__DATA__:
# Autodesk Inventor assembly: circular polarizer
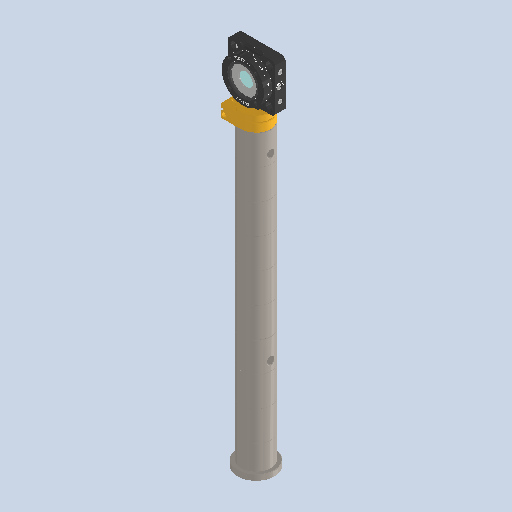
[picture p0: Inventor's stored thumbnail of the model, 512x512]
Saved by Autodesk Inventor 2026.1 (Build 301233000, 233)
## iProperties
Created: 2025-06-02
Part Number: circular polarizer
Document SubType Name: Assembly
Designer: Julian
Author: Julian
## Documents named in this file (6)
- C:\Users\user\Desktop\setup_inventor_2025\circular polarizer\circular polarizer.iam
- C:\Users\user\Desktop\setup_inventor_2025\circular polarizer\Newport-M-PS-4-1.ipt
- C:\Users\user\Desktop\setup_inventor_2025\circular polarizer\Newport-M-PS-6E-.ipt
- C:\Users\user\Desktop\setup_inventor_2025\circular polarizer\Newpor-M-PS-KF.ipt
- C:\Users\user\Desktop\setup_inventor_2025\circular polarizer\AQWP05M-980.ipt
- C:\Users\user\Desktop\setup_inventor_2025\circular polarizer\CRM1T_M.ipt
## Components (5 placed, 5 different names)
1. Newport-M-PS-4-1:1 — Passend:4, Passend:7
2. Newport-M-PS-6E-:1 — Passend:3, Passend:4, Passend:6, Passend:7
3. Newpor-M-PS-KF:1 — Passend:2, Passend:3, Passend:5, Passend:6
4. AQWP05M-980:1 — Passend:1, Fluchtend:1
5. CRM1T_M:1 — Passend:1, Fluchtend:1, Passend:2, Passend:5
## Relationships (8: Mate 7, Flush 1)
- Passend:1 [Mate]: AQWP05M-980:1 ↔ CRM1T_M:1
- Fluchtend:1 [Flush] (-2 mm): AQWP05M-980:1 ↔ CRM1T_M:1
- Passend:2 [Mate]: Newpor-M-PS-KF:1 ↔ CRM1T_M:1
- Passend:3 [Mate]: Newport-M-PS-6E-:1 ↔ Newpor-M-PS-KF:1
- Passend:4 [Mate]: Newport-M-PS-4-1:1 ↔ Newport-M-PS-6E-:1
- Passend:5 [Mate]: Newpor-M-PS-KF:1 ↔ CRM1T_M:1
- Passend:6 [Mate]: Newport-M-PS-6E-:1 ↔ Newpor-M-PS-KF:1
- Passend:7 [Mate]: Newport-M-PS-4-1:1 ↔ Newport-M-PS-6E-:1
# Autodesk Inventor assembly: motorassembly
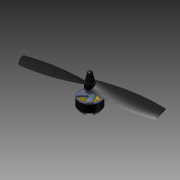
[picture p0: Inventor's stored thumbnail of the model, 180x180]
Saved by Autodesk Inventor 2012 (Build 160160000, 160)
## iProperties
Created: 2014-07-10
Part Number: motorassembly
Document SubType Name: Assembly
Designer: Anon
Author: Anon
## Documents named in this file (4)
- D:\Dropbox\Courses\GP\git\dronestructure\motor\motorassembly.iam
- D:\Dropbox\Courses\GP\git\dronestructure\motor\bldc.iam
- D:\Dropbox\Courses\GP\git\dronestructure\motor\prop.ipt
- D:\Dropbox\Courses\GP\git\dronestructure\motor\nut.ipt
## Components (3 placed, 3 different names)
1. bldc:1 [sub-assembly] — Mate:1, Mate:2, Mate:3
2. prop:1 — Mate:1, Mate:2, Mate:4
3. nut:1 — Mate:3, Mate:4
## Relationships (4: Mate 4)
- Mate:1: bldc:1 ↔ prop:1
- Mate:2: bldc:1 ↔ prop:1
- Mate:3: bldc:1 ↔ nut:1
- Mate:4: prop:1 ↔ nut:1
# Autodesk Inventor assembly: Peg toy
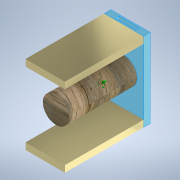
[picture p0: Inventor's stored thumbnail of the model, 180x180]
Saved by Autodesk Inventor 2021 (Build 250183000, 183)
## iProperties
Created: 2020-12-18
Part Number: Peg toy
Document SubType Name: Assembly
Designer: Jawad
Author: Jawad
## Documents named in this file (4)
- E:\OneDrive - UNSW\CAD Files\YOUTUBE tutorial\Peg toy.iam
- E:\OneDrive - UNSW\CAD Files\YOUTUBE tutorial\Peg toy top.ipt
- E:\OneDrive - UNSW\CAD Files\YOUTUBE tutorial\peg toy side.ipt
- E:\OneDrive - UNSW\CAD Files\YOUTUBE tutorial\Peg toy peg.ipt
## Components (4 placed, 3 different names)
1. Peg toy top:1 — Mate:1, Flush:1, Flush:2, Mate:2, Flush:3, Flush:4, Mate:3
2. peg toy side:1 — Mate:2, Flush:3, Flush:4
3. peg toy side:2 — Mate:1, Flush:1, Flush:2
4. Peg toy peg:1 — Mate:3
## Relationships (7: Flush 4, Mate 3)
- Mate:1: Peg toy top:1 ↔ peg toy side:2
- Flush:1: Peg toy top:1 ↔ peg toy side:2
- Flush:2: Peg toy top:1 ↔ peg toy side:2
- Mate:2: Peg toy top:1 ↔ peg toy side:1
- Flush:3: Peg toy top:1 ↔ peg toy side:1
- Flush:4: Peg toy top:1 ↔ peg toy side:1
- Mate:3: Peg toy top:1 ↔ Peg toy peg:1

__WORK REQUEST__:
All lines of the entries above where "bldc" turns up should be reported.

__ANSWER SPACE__:
- D:\Dropbox\Courses\GP\git\dronestructure\motor\bldc.iam
1. bldc:1 [sub-assembly] — Mate:1, Mate:2, Mate:3
- Mate:1: bldc:1 ↔ prop:1
- Mate:2: bldc:1 ↔ prop:1
- Mate:3: bldc:1 ↔ nut:1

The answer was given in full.